Iteration 3 (validate_iteration3.py) — trend validation: comparison of gradient directions against an external DEM (LOLA/LROC). No optimization — it only answers the question: *”Are the reconstructed trends consistent with actual topography?”*
What the Project Does Not Do
This list is just as important as the feature list:
- Does not generate a DEM — heights are relative, with no absolute reference
- Does not use machine learning — every step is human-interpretable
- Is not photogrammetry — no stereo pairs, no triangulation
- Does not work well on plains — uniform areas produce no topographic signal
- Does not fully separate albedo from topography — this is impossible from a single image
Results and Validation
When tested on a sample lunar region (7.63°N, 6.53°E), at full LROC NAC resolution (1 m/px), using a synthetic DEM (no access to LOLA during testing), Iteration 3 validation classifies:
- approximately 3.6% of high-confidence areas as consistent with the DEM trend
- approximately 17.7% as inconsistent
- the rest: too low confidence to draw conclusions
The results are reported honestly — the project does not attempt to explain away or “fix” these numbers. Inconsistency is information, not an error to be hidden.

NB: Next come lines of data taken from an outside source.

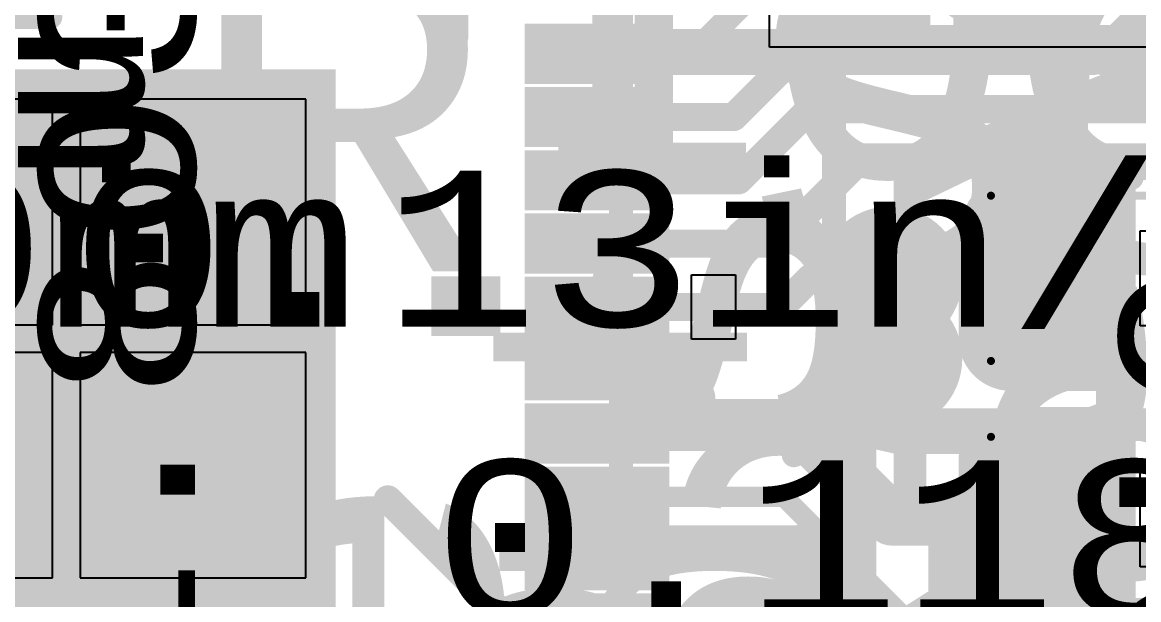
# Model space of a CAD drawing. Header units: inches. Extents: x -2.12 to 4.45, y -3.15 to 1.57.
# Drawn here: x 2.6219 to 2.8996, y -0.4906 to -0.3469 of the extents above; entities that cross this region are included whole.
import ezdxf

# ---------------------------------------------------------------- set-up
doc = ezdxf.new("R2010")
doc.units = ezdxf.units.IN
doc.header["$MEASUREMENT"] = 0
for name, color, linetype in [('Bottom', 5, 'Continuous'), ('Bottom Solder', 6, 'Continuous'), ('bPlace', 56, 'Continuous'), ('Measures', 56, 'Continuous'), ('Pad Holes', 156, 'Continuous'), ('tDocu', 76, 'Continuous'), ('Top', 1, 'Continuous'), ('Top Glue Points', 56, 'Continuous'), ('Top Paste', 8, 'Continuous'), ('Top Solder', 216, 'Continuous'), ('Top Value', 56, 'Continuous'), ('tPlace', 56, 'Continuous'), ('Via Holes', 16, 'Continuous')]:
    doc.layers.add(name, color=color, linetype=linetype)
doc.styles.add('Arial', font='', dxfattribs={"height": 0.2})
doc.styles.add('Courier New', font='', dxfattribs={"height": 0.2})
doc.styles.get('Arial').set_extended_font_data('Arial')
doc.styles.get('Courier New').set_extended_font_data('Courier New')

# ---------------------------------------------------------------- blocks, each defined once
blk = doc.blocks.new('SOD323_NEX_L_3')
at = {"layer": 'Measures', "style": 'Courier New'}
for s, height, p in [('0.071in/1.803mm', 0.03875, (-0.159, -0.172)), ('Default Padstyle: RX41p5Y16D0T', 0.0775, (-0.644, -0.333)), ('Alt 1 Padstyle: OX60Y90D30P', 0.0775, (-0.583, -0.408)), ('Alt 2 Padstyle: OX90Y60D30P', 0.0775, (-0.583, -0.483))]:
    blk.add_text(s, height=height, dxfattribs=at).set_placement(p)
blk = doc.blocks.new('SOD323_NEX_L_8')
at = {"layer": 'Measures', "style": 'Courier New'}
for s, p in [('Alt 1 Padstyle: OX60Y90D30P', (-0.583, -0.408)), ('Alt 2 Padstyle: OX90Y60D30P', (-0.583, -0.483))]:
    blk.add_text(s, height=0.0775, dxfattribs=at).set_placement(p)
blk = doc.blocks.new('SOD323_NEX_L_10')
at = {"layer": 'Measures', "style": 'Courier New'}
blk.add_text('Default Padstyle: RX41p5Y16D0T', height=0.0775, dxfattribs=at).set_placement((-0.644, -0.333))
blk = doc.blocks.new('SMD3225_3_2X2_5X0_7_MTC_L_110')
at = {"layer": 'Measures', "const_width": 0.006}
for points in [[(0.351, 0.065), (0.366, 0.065)], [(0.351, -0.065), (0.366, -0.065)]]:
    blk.add_lwpolyline(points, dxfattribs=at)
at = {"layer": 'Measures', "const_width": 0.003}
for points in [[(0.3645, 0.065, 1), (0.3675, 0.065, 1)], [(0.3645, -0.065, 1), (0.3675, -0.065, 1)]]:
    blk.add_lwpolyline(points, format="xyb", close=True, dxfattribs=at)
at = {"layer": 'Measures', "style": 'Courier New'}
for s, p in [('0in/0mm', (0.171, -0.012)), ('0.13in/3.302mm', (0.371, -0.012))]:
    blk.add_text(s, height=0.03875, dxfattribs=at).set_placement(p)
blk = doc.blocks.new('RP2040TR7_RPI_L_111')
at = {"layer": 'Bottom'}
h = blk.add_hatch(color=5, dxfattribs=at)
edge = h.paths.add_edge_path()
edge.add_arc((-0.045, 0.045), 0.0159, 0, 360)
h = blk.add_hatch(color=5, dxfattribs=at)
edge = h.paths.add_edge_path()
edge.add_arc((0, 0.045), 0.0159, 0, 360)
h = blk.add_hatch(color=5, dxfattribs=at)
edge = h.paths.add_edge_path()
edge.add_arc((0.045, 0.045), 0.0159, 0, 360)
h = blk.add_hatch(color=5, dxfattribs=at)
edge = h.paths.add_edge_path()
edge.add_arc((-0.045, 0), 0.0159, 0, 360)
h = blk.add_hatch(color=5, dxfattribs=at)
edge = h.paths.add_edge_path()
edge.add_arc((0, 0), 0.0159, 0, 360)
h = blk.add_hatch(color=5, dxfattribs=at)
edge = h.paths.add_edge_path()
edge.add_arc((0.045, 0), 0.0159, 0, 360)
at = {"layer": 'Bottom Solder'}
h = blk.add_hatch(color=6, dxfattribs=at)
edge = h.paths.add_edge_path()
edge.add_arc((-0.045, 0.045), 0.0199, 0, 360)
h = blk.add_hatch(color=6, dxfattribs=at)
edge = h.paths.add_edge_path()
edge.add_arc((0, 0.045), 0.0199, 0, 360)
h = blk.add_hatch(color=6, dxfattribs=at)
edge = h.paths.add_edge_path()
edge.add_arc((0.045, 0.045), 0.0199, 0, 360)
h = blk.add_hatch(color=6, dxfattribs=at)
edge = h.paths.add_edge_path()
edge.add_arc((-0.045, 0), 0.0199, 0, 360)
h = blk.add_hatch(color=6, dxfattribs=at)
edge = h.paths.add_edge_path()
edge.add_arc((0, 0), 0.0199, 0, 360)
h = blk.add_hatch(color=6, dxfattribs=at)
edge = h.paths.add_edge_path()
edge.add_arc((0.045, 0), 0.0199, 0, 360)
at = {"layer": 'Pad Holes'}
h = blk.add_hatch(color=7, dxfattribs=at)
edge = h.paths.add_edge_path()
edge.add_arc((-0.045, 0.045), 0.0059, 0, 360)
h = blk.add_hatch(color=7, dxfattribs=at)
edge = h.paths.add_edge_path()
edge.add_arc((0, 0.045), 0.0059, 0, 360)
h = blk.add_hatch(color=7, dxfattribs=at)
edge = h.paths.add_edge_path()
edge.add_arc((0.045, 0.045), 0.0059, 0, 360)
h = blk.add_hatch(color=7, dxfattribs=at)
edge = h.paths.add_edge_path()
edge.add_arc((-0.045, 0), 0.0059, 0, 360)
h = blk.add_hatch(color=7, dxfattribs=at)
edge = h.paths.add_edge_path()
edge.add_arc((0, 0), 0.0059, 0, 360)
h = blk.add_hatch(color=7, dxfattribs=at)
edge = h.paths.add_edge_path()
edge.add_arc((0.045, 0), 0.0059, 0, 360)
at = {"layer": 'Top'}
for points in [[(-0.06738, 0.118), (-0.07438, 0.118), (-0.07438, 0.146), (-0.06738, 0.146)], [(-0.05163, 0.118), (-0.05863, 0.118), (-0.05863, 0.146), (-0.05163, 0.146)], [(-0.03588, 0.118), (-0.04288, 0.118), (-0.04288, 0.146), (-0.03588, 0.146)], [(-0.02013, 0.118), (-0.02713, 0.118), (-0.02713, 0.146), (-0.02013, 0.146)], [(-0.00438, 0.118), (-0.01138, 0.118), (-0.01138, 0.146), (-0.00438, 0.146)], [(0.01138, 0.118), (0.00438, 0.118), (0.00438, 0.146), (0.01138, 0.146)], [(0.02713, 0.118), (0.02013, 0.118), (0.02013, 0.146), (0.02713, 0.146)], [(0.04288, 0.118), (0.03588, 0.118), (0.03588, 0.146), (0.04288, 0.146)], [(0.05863, 0.118), (0.05163, 0.118), (0.05163, 0.146), (0.05863, 0.146)], [(-0.063, 0.063), (0.063, 0.063), (0.063, -0.063), (-0.063, -0.063)]]:
    blk.add_hatch(color=1, dxfattribs=at).paths.add_polyline_path(points)
h = blk.add_hatch(color=1, dxfattribs=at)
edge = h.paths.add_edge_path()
edge.add_arc((-0.045, 0.045), 0.0159, 0, 360)
h = blk.add_hatch(color=1, dxfattribs=at)
edge = h.paths.add_edge_path()
edge.add_arc((0, 0.045), 0.0159, 0, 360)
h = blk.add_hatch(color=1, dxfattribs=at)
edge = h.paths.add_edge_path()
edge.add_arc((0.045, 0.045), 0.0159, 0, 360)
h = blk.add_hatch(color=1, dxfattribs=at)
edge = h.paths.add_edge_path()
edge.add_arc((-0.045, 0), 0.0159, 0, 360)
h = blk.add_hatch(color=1, dxfattribs=at)
edge = h.paths.add_edge_path()
edge.add_arc((0, 0), 0.0159, 0, 360)
h = blk.add_hatch(color=1, dxfattribs=at)
edge = h.paths.add_edge_path()
edge.add_arc((0.045, 0), 0.0159, 0, 360)
at = {"layer": 'Top Paste'}
for points in [[(-0.06738, 0.118), (-0.07438, 0.118), (-0.07438, 0.146), (-0.06738, 0.146)], [(-0.05163, 0.118), (-0.05863, 0.118), (-0.05863, 0.146), (-0.05163, 0.146)], [(-0.03588, 0.118), (-0.04288, 0.118), (-0.04288, 0.146), (-0.03588, 0.146)], [(-0.02013, 0.118), (-0.02713, 0.118), (-0.02713, 0.146), (-0.02013, 0.146)], [(-0.00438, 0.118), (-0.01138, 0.118), (-0.01138, 0.146), (-0.00438, 0.146)], [(0.01138, 0.118), (0.00438, 0.118), (0.00438, 0.146), (0.01138, 0.146)], [(0.02713, 0.118), (0.02013, 0.118), (0.02013, 0.146), (0.02713, 0.146)], [(0.04288, 0.118), (0.03588, 0.118), (0.03588, 0.146), (0.04288, 0.146)], [(0.05863, 0.118), (0.05163, 0.118), (0.05163, 0.146), (0.05863, 0.146)], [(-0.063, 0.063), (0.063, 0.063), (0.063, -0.063), (-0.063, -0.063)]]:
    blk.add_hatch(color=8, dxfattribs=at).paths.add_polyline_path(points)
at = {"layer": 'Top Solder'}
for points in [[(-0.06338, 0.114), (-0.07838, 0.114), (-0.07838, 0.15), (-0.06338, 0.15)], [(-0.04763, 0.114), (-0.06263, 0.114), (-0.06263, 0.15), (-0.04763, 0.15)], [(-0.03188, 0.114), (-0.04688, 0.114), (-0.04688, 0.15), (-0.03188, 0.15)], [(-0.01613, 0.114), (-0.03113, 0.114), (-0.03113, 0.15), (-0.01613, 0.15)], [(-0.00038, 0.114), (-0.01538, 0.114), (-0.01538, 0.15), (-0.00038, 0.15)], [(0.01538, 0.114), (0.00038, 0.114), (0.00038, 0.15), (0.01538, 0.15)], [(0.03113, 0.114), (0.01613, 0.114), (0.01613, 0.15), (0.03113, 0.15)], [(0.04688, 0.114), (0.03188, 0.114), (0.03188, 0.15), (0.04688, 0.15)], [(0.06263, 0.114), (0.04763, 0.114), (0.04763, 0.15), (0.06263, 0.15)], [(0.07838, 0.114), (0.06338, 0.114), (0.06338, 0.15), (0.07838, 0.15)], [(-0.067, 0.067), (0.067, 0.067), (0.067, -0.067), (-0.067, -0.067)]]:
    blk.add_hatch(color=216, dxfattribs=at).paths.add_polyline_path(points)
h = blk.add_hatch(color=216, dxfattribs=at)
edge = h.paths.add_edge_path()
edge.add_arc((-0.045, 0.045), 0.0199, 0, 360)
h = blk.add_hatch(color=216, dxfattribs=at)
edge = h.paths.add_edge_path()
edge.add_arc((0, 0.045), 0.0199, 0, 360)
h = blk.add_hatch(color=216, dxfattribs=at)
edge = h.paths.add_edge_path()
edge.add_arc((0.045, 0.045), 0.0199, 0, 360)
h = blk.add_hatch(color=216, dxfattribs=at)
edge = h.paths.add_edge_path()
edge.add_arc((-0.045, 0), 0.0199, 0, 360)
h = blk.add_hatch(color=216, dxfattribs=at)
edge = h.paths.add_edge_path()
edge.add_arc((0, 0), 0.0199, 0, 360)
h = blk.add_hatch(color=216, dxfattribs=at)
edge = h.paths.add_edge_path()
edge.add_arc((0.045, 0), 0.0199, 0, 360)
at = {"layer": 'Measures', "const_width": 0.006}
blk.add_lwpolyline([(0.138, 0.138), (-0.138, 0.138)], dxfattribs=at)
at = {"layer": 'tDocu', "const_width": 0.006}
for points in [[(0.138, 0.138), (-0.138, 0.138)], [(-0.066, 0.138), (-0.075, 0.138)], [(-0.051, 0.138), (-0.06, 0.138)], [(-0.035, 0.138), (-0.044, 0.138)], [(-0.019, 0.138), (-0.028, 0.138)], [(-0.003, 0.138), (-0.012, 0.138)], [(0.012, 0.138), (0.003, 0.138)], [(0.028, 0.138), (0.019, 0.138)], [(0.044, 0.138), (0.035, 0.138)], [(0.06, 0.138), (0.051, 0.138)], [(0.075, 0.138), (0.066, 0.138)]]:
    blk.add_lwpolyline(points, dxfattribs=at)
at = {"layer": 'tDocu', "const_width": 0.003}
for points in [[(-0.0765, 0.138, 1), (-0.0735, 0.138, 1)], [(-0.0675, 0.138, 1), (-0.0645, 0.138, 1)], [(-0.0615, 0.138, 1), (-0.0585, 0.138, 1)], [(-0.0525, 0.138, 1), (-0.0495, 0.138, 1)], [(-0.0455, 0.138, 1), (-0.0425, 0.138, 1)], [(-0.0365, 0.138, 1), (-0.0335, 0.138, 1)], [(-0.0295, 0.138, 1), (-0.0265, 0.138, 1)], [(-0.0205, 0.138, 1), (-0.0175, 0.138, 1)], [(-0.0135, 0.138, 1), (-0.0105, 0.138, 1)], [(-0.0045, 0.138, 1), (-0.0015, 0.138, 1)], [(0.0015, 0.138, 1), (0.0045, 0.138, 1)], [(0.0105, 0.138, 1), (0.0135, 0.138, 1)], [(0.0175, 0.138, 1), (0.0205, 0.138, 1)], [(0.0265, 0.138, 1), (0.0295, 0.138, 1)], [(0.0335, 0.138, 1), (0.0365, 0.138, 1)], [(0.0425, 0.138, 1), (0.0455, 0.138, 1)], [(0.0495, 0.138, 1), (0.0525, 0.138, 1)], [(0.0585, 0.138, 1), (0.0615, 0.138, 1)], [(0.0645, 0.138, 1), (0.0675, 0.138, 1)]]:
    blk.add_lwpolyline(points, format="xyb", close=True, dxfattribs=at)
at = {"layer": 'Top Paste'}
for p, q in [((-0.00344, 0.05956), (-0.05956, 0.05956)), ((-0.05956, 0.05956), (-0.05956, 0.00344)), ((-0.00344, 0.00344), (-0.00344, 0.05956)), ((0.05956, 0.05956), (0.00344, 0.05956)), ((0.00344, 0.05956), (0.00344, 0.00344)), ((0.05956, 0.00344), (0.05956, 0.05956)), ((-0.05956, 0.00344), (-0.00344, 0.00344)), ((0.00344, 0.00344), (0.05956, 0.00344)), ((-0.00344, -0.00344), (-0.05956, -0.00344)), ((-0.05956, -0.00344), (-0.05956, -0.05956)), ((-0.00344, -0.05956), (-0.00344, -0.00344)), ((0.05956, -0.00344), (0.00344, -0.00344)), ((0.00344, -0.00344), (0.00344, -0.05956)), ((0.05956, -0.05956), (0.05956, -0.00344))]:
    blk.add_line(p, q, dxfattribs=at)
at = {"layer": 'tPlace'}
for p, q in [((-0.01588, 0.1555), (-0.01588, 0.1665)), ((-0.01588, 0.1665), (0.00012, 0.1665)), ((0.00012, 0.1665), (0.00012, 0.1555)), ((0.00012, 0.1555), (-0.01588, 0.1555))]:
    blk.add_line(p, q, dxfattribs=at)
at = {"layer": 'Measures', "style": 'Courier New'}
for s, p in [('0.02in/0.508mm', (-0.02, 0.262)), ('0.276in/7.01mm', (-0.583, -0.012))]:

Potential and Applications
It is worth mentioning the broader context of the data this project relies on.
The images of the Moon’s surface captured by LROC NAC represent the most detailed mapping of a celestial body’s surface beyond Earth. At a resolution of ~1 m/pixel, each pixel corresponds to one square meter of surface area — a level of detail unmatched for any other planet or moon in the Solar System. The absence of a lunar atmosphere eliminates blurring and optical distortions, further enhancing image quality.
QuickMap also offers a 3D view reconstructed from LOLA (LRO Laser Altimeter) data. It provides an extended sense of terrain shape, but like this pipeline, it presents topography within a limited scope — it is not full, precise photogrammetry.
What Else Could Be Extracted
The main limiting premise of this project is a single image from a single angle. If two or more images of the same area were available at comparable resolution and different illumination angles, the analytical possibilities grow significantly:
Traversability assessment — identifying terrain with minimal slope and few boulders, useful for planning rover routes.
Regolith thickness estimation — boulder shadows and their relationship to the surrounding area may indicate the depth of the loose surface layer.
Rock formation analysis — the distribution and morphology of boulders under different illumination angles allows for preliminary lithological classification.
All of this is still research territory, not a ready-made tool. But the starting point is exceptionally good: the data is public, free, and of the highest possible quality.
Code and License
The Python code (~1,600 lines, no external AI frameworks) uses only: numpy, opencv-python, scipy, matplotlib
The source code is publicly available on GitHub: github.com/MarcinSFox/Lunar_2.5D
All steps are explicit and documented. Each stage generates its own diagnostic image, making it possible to understand where the pipeline works well and where it fails.
Test data: sample lunar region (~7.63°N, 6.53°E), LROC NAC image from QuickMap, scale ~1 m/px.
I treat this project as a research experiment and a learning tool. The results are hypotheses about terrain shape, not measurements. The project’s value lies in the transparency of the method and the explicit modeling of uncertainty — not in the accuracy of the results.